=== Begin Enclosure ===

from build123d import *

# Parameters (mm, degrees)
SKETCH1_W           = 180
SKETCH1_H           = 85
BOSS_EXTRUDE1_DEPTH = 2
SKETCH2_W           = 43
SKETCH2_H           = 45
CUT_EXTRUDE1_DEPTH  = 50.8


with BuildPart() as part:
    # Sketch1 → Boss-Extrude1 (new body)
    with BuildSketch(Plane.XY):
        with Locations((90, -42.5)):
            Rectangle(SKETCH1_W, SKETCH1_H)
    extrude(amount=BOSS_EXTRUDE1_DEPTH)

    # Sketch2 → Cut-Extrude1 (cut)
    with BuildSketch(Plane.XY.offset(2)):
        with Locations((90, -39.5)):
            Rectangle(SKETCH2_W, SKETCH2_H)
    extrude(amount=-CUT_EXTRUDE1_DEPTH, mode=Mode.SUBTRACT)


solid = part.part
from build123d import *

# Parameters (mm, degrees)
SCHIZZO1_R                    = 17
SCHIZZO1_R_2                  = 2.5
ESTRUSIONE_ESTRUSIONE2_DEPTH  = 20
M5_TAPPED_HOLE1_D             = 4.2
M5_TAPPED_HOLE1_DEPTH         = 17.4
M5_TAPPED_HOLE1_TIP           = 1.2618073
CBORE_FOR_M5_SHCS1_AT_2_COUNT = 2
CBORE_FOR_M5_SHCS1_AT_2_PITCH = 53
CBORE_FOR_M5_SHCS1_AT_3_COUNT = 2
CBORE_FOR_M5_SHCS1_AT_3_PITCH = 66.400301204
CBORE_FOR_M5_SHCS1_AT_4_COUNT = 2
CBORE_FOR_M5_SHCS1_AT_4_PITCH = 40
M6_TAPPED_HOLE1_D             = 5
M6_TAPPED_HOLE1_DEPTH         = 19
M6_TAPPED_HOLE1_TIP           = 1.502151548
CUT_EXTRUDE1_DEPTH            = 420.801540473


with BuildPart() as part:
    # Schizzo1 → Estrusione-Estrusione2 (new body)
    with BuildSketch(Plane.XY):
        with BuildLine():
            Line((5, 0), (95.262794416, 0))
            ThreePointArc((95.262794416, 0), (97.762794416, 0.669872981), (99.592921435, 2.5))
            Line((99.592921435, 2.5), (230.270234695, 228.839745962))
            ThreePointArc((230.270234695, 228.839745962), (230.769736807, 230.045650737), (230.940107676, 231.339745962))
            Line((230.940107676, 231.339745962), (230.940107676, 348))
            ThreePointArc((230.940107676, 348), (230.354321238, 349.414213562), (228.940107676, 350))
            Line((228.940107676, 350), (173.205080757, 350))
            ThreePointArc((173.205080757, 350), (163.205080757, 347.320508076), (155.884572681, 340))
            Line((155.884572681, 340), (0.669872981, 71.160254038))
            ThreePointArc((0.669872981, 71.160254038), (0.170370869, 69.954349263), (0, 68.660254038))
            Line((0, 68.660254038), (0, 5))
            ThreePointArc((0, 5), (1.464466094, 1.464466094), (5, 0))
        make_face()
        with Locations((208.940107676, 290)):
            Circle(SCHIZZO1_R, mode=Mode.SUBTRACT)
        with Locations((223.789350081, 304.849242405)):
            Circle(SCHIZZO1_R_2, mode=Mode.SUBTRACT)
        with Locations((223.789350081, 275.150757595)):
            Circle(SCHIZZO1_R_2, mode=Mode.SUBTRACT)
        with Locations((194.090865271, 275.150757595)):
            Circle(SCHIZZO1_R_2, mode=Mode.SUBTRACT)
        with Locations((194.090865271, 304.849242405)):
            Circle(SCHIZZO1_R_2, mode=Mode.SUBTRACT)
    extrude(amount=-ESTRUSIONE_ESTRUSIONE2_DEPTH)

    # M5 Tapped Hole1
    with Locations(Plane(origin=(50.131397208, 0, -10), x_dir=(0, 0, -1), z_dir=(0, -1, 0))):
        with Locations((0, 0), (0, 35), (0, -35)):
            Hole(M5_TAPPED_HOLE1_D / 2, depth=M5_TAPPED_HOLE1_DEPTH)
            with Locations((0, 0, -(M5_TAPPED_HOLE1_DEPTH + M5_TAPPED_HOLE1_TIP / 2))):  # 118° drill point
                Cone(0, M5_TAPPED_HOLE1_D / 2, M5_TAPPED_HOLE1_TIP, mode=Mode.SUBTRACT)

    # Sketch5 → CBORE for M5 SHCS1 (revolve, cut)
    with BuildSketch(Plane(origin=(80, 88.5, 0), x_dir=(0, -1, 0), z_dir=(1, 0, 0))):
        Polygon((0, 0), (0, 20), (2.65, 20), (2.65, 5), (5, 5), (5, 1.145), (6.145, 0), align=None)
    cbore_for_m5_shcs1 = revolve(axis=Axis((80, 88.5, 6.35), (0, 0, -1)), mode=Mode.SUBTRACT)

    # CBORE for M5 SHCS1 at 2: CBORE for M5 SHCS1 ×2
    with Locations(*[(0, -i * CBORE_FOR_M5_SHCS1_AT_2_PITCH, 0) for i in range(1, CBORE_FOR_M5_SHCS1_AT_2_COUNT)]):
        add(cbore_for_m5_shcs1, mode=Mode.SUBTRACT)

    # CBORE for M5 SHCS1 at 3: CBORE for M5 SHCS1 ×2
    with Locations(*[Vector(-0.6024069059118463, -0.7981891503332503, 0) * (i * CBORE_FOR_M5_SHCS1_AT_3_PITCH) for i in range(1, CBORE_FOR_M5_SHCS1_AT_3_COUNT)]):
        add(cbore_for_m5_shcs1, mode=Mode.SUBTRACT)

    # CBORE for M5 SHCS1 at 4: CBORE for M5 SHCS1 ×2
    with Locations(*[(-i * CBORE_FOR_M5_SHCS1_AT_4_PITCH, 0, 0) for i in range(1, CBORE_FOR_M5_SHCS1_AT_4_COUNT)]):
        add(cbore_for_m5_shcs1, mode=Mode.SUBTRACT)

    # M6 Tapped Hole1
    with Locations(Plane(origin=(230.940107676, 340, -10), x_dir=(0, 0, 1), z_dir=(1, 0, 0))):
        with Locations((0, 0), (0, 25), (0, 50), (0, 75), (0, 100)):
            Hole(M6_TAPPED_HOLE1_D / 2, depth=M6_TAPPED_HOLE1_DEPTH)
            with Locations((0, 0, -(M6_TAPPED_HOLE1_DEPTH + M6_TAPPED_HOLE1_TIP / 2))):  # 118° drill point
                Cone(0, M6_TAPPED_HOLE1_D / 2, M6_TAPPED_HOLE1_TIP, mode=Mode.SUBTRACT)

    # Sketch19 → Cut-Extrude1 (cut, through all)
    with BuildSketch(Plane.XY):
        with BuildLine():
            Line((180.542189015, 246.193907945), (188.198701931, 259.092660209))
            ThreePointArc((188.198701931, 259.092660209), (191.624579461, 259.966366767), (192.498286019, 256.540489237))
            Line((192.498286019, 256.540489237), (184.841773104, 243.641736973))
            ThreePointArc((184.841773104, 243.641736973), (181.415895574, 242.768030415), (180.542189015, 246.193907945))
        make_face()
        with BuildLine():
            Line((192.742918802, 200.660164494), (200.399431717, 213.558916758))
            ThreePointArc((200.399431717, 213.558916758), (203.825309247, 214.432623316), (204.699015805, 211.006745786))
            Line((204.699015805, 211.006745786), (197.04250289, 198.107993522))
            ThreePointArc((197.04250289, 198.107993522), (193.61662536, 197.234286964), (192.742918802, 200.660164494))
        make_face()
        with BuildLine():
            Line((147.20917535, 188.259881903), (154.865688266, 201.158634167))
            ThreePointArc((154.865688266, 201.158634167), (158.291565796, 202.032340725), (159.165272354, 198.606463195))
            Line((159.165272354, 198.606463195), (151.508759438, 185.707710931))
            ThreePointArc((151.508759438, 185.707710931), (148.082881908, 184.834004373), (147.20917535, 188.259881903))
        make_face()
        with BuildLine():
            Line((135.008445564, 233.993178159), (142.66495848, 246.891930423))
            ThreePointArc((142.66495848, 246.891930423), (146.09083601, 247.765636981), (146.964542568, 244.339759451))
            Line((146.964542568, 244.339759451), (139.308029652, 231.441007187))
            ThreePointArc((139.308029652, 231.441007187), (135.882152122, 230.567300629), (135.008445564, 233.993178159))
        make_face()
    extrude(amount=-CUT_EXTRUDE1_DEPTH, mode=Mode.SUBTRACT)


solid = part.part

=== End Enclosure ===

* _Instructions for the task_: Working from the data above, extract solely the lines from the one containing "188.259881903), (154.865688266, 201.158634167))" through the one containing "233.993178159), (142.66495848, 246.891930423))", exactly as they appear, both included.

* _Task response_:
            Line((147.20917535, 188.259881903), (154.865688266, 201.158634167))
            ThreePointArc((154.865688266, 201.158634167), (158.291565796, 202.032340725), (159.165272354, 198.606463195))
            Line((159.165272354, 198.606463195), (151.508759438, 185.707710931))
            ThreePointArc((151.508759438, 185.707710931), (148.082881908, 184.834004373), (147.20917535, 188.259881903))
        make_face()
        with BuildLine():
            Line((135.008445564, 233.993178159), (142.66495848, 246.891930423))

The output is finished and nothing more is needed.